- Exercise instructions: Would you restate the entries below word for word, starting at the first line and ending with the one that has "Board: 2 copper layers, 26.7"?

- Exercise material:

○ ○ ○

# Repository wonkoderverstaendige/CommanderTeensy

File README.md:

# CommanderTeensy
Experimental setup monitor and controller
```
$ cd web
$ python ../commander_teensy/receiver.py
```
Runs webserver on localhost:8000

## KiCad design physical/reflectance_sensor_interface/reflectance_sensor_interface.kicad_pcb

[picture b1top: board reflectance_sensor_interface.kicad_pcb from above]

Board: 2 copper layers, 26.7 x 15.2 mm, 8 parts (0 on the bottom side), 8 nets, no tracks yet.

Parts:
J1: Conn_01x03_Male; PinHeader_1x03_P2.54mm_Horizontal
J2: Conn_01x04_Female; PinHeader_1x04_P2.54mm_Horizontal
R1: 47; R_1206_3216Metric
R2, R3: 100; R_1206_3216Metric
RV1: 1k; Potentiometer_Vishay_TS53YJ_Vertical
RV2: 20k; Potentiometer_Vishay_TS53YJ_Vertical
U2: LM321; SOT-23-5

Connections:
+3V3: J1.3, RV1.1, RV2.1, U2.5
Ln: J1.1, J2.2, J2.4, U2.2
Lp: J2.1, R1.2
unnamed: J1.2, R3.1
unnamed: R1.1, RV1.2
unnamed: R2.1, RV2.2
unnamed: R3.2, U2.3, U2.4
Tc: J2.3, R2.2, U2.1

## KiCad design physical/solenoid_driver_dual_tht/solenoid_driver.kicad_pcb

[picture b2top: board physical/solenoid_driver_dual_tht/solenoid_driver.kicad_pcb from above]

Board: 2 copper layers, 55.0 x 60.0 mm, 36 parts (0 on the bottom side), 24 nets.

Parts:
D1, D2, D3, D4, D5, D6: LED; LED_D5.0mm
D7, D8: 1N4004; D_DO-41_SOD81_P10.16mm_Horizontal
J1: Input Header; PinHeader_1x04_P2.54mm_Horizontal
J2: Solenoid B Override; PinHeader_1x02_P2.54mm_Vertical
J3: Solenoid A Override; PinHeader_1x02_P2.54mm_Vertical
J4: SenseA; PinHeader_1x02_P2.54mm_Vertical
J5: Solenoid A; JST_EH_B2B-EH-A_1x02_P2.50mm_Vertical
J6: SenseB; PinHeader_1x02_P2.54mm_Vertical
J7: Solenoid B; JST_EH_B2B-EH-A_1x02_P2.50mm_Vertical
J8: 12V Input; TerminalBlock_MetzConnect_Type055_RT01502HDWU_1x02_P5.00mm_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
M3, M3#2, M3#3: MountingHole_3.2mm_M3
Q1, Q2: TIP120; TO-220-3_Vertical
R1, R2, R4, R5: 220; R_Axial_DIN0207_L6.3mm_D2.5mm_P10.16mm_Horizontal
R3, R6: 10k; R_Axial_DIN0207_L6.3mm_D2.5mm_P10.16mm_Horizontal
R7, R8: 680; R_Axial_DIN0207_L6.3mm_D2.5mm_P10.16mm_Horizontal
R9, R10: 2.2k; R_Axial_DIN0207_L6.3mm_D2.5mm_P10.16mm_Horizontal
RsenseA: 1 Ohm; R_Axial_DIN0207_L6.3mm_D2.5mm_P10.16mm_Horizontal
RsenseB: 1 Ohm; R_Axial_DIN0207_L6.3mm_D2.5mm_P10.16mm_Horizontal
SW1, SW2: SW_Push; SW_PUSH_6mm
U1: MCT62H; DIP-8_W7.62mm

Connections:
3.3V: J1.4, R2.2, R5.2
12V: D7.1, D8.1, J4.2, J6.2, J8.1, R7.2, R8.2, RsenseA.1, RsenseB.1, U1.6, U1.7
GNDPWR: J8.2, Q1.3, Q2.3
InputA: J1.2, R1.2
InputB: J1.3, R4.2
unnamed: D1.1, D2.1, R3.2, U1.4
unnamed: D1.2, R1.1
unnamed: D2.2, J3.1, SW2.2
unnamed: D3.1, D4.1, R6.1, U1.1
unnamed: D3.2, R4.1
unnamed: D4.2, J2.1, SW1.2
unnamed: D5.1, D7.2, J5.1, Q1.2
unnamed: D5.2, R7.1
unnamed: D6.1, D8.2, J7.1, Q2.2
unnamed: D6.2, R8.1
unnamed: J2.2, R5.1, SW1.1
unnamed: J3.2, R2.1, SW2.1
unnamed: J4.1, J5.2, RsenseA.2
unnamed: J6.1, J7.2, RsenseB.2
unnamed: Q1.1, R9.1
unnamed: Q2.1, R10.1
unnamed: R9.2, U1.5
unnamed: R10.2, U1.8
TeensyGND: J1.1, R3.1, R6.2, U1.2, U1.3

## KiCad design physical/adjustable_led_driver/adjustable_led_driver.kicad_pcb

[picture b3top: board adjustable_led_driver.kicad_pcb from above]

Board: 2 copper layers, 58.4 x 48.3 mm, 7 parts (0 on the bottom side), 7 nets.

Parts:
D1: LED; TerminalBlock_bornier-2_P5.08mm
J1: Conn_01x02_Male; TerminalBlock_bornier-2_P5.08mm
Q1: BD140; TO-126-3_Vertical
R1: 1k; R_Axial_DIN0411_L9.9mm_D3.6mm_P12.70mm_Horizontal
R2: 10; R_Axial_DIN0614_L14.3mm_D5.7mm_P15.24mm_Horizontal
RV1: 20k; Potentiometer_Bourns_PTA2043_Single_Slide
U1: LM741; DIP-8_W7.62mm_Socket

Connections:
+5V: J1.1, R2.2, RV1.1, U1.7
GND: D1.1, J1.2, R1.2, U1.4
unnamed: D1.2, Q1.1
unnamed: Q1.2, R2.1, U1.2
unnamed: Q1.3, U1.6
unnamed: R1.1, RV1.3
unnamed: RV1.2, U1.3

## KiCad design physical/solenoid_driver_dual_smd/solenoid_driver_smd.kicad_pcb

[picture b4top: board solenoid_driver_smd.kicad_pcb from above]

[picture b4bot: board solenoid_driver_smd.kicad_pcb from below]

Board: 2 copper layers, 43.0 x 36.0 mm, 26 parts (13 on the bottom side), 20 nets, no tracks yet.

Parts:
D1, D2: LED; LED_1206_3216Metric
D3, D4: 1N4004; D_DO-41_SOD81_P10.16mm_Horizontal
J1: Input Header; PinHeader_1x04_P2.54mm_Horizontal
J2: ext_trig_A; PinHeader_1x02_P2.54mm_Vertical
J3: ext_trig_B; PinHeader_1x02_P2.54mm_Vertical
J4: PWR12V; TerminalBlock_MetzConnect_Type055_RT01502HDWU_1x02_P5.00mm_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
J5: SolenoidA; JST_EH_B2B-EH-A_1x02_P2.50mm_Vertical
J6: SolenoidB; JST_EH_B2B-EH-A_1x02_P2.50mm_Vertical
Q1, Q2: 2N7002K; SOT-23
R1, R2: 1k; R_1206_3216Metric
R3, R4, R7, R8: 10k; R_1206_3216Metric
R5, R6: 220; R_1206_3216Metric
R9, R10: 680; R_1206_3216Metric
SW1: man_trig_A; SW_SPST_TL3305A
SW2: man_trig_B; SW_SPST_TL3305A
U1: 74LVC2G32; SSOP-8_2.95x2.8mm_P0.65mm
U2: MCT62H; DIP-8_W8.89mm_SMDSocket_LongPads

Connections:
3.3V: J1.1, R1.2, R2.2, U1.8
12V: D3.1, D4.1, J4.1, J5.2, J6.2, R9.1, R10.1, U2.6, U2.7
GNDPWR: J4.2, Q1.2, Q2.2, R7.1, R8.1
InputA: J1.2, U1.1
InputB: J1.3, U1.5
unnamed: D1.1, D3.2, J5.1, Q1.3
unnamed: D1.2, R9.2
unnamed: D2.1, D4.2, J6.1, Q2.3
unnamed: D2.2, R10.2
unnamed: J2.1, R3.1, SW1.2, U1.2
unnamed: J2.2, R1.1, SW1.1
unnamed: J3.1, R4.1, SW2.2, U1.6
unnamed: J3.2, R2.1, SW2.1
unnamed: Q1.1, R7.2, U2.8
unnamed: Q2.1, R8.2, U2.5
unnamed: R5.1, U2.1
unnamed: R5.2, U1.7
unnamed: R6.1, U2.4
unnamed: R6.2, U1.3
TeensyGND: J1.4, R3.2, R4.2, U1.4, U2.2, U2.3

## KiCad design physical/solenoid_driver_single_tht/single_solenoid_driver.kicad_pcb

○ ○ ○

- Result for this exercise:
# Repository wonkoderverstaendige/CommanderTeensy

File README.md:

# CommanderTeensy
Experimental setup monitor and controller
```
$ cd web
$ python ../commander_teensy/receiver.py
```
Runs webserver on localhost:8000

## KiCad design physical/reflectance_sensor_interface/reflectance_sensor_interface.kicad_pcb

[picture b1top: board reflectance_sensor_interface.kicad_pcb from above]

Board: 2 copper layers, 26.7 x 15.2 mm, 8 parts (0 on the bottom side), 8 nets, no tracks yet.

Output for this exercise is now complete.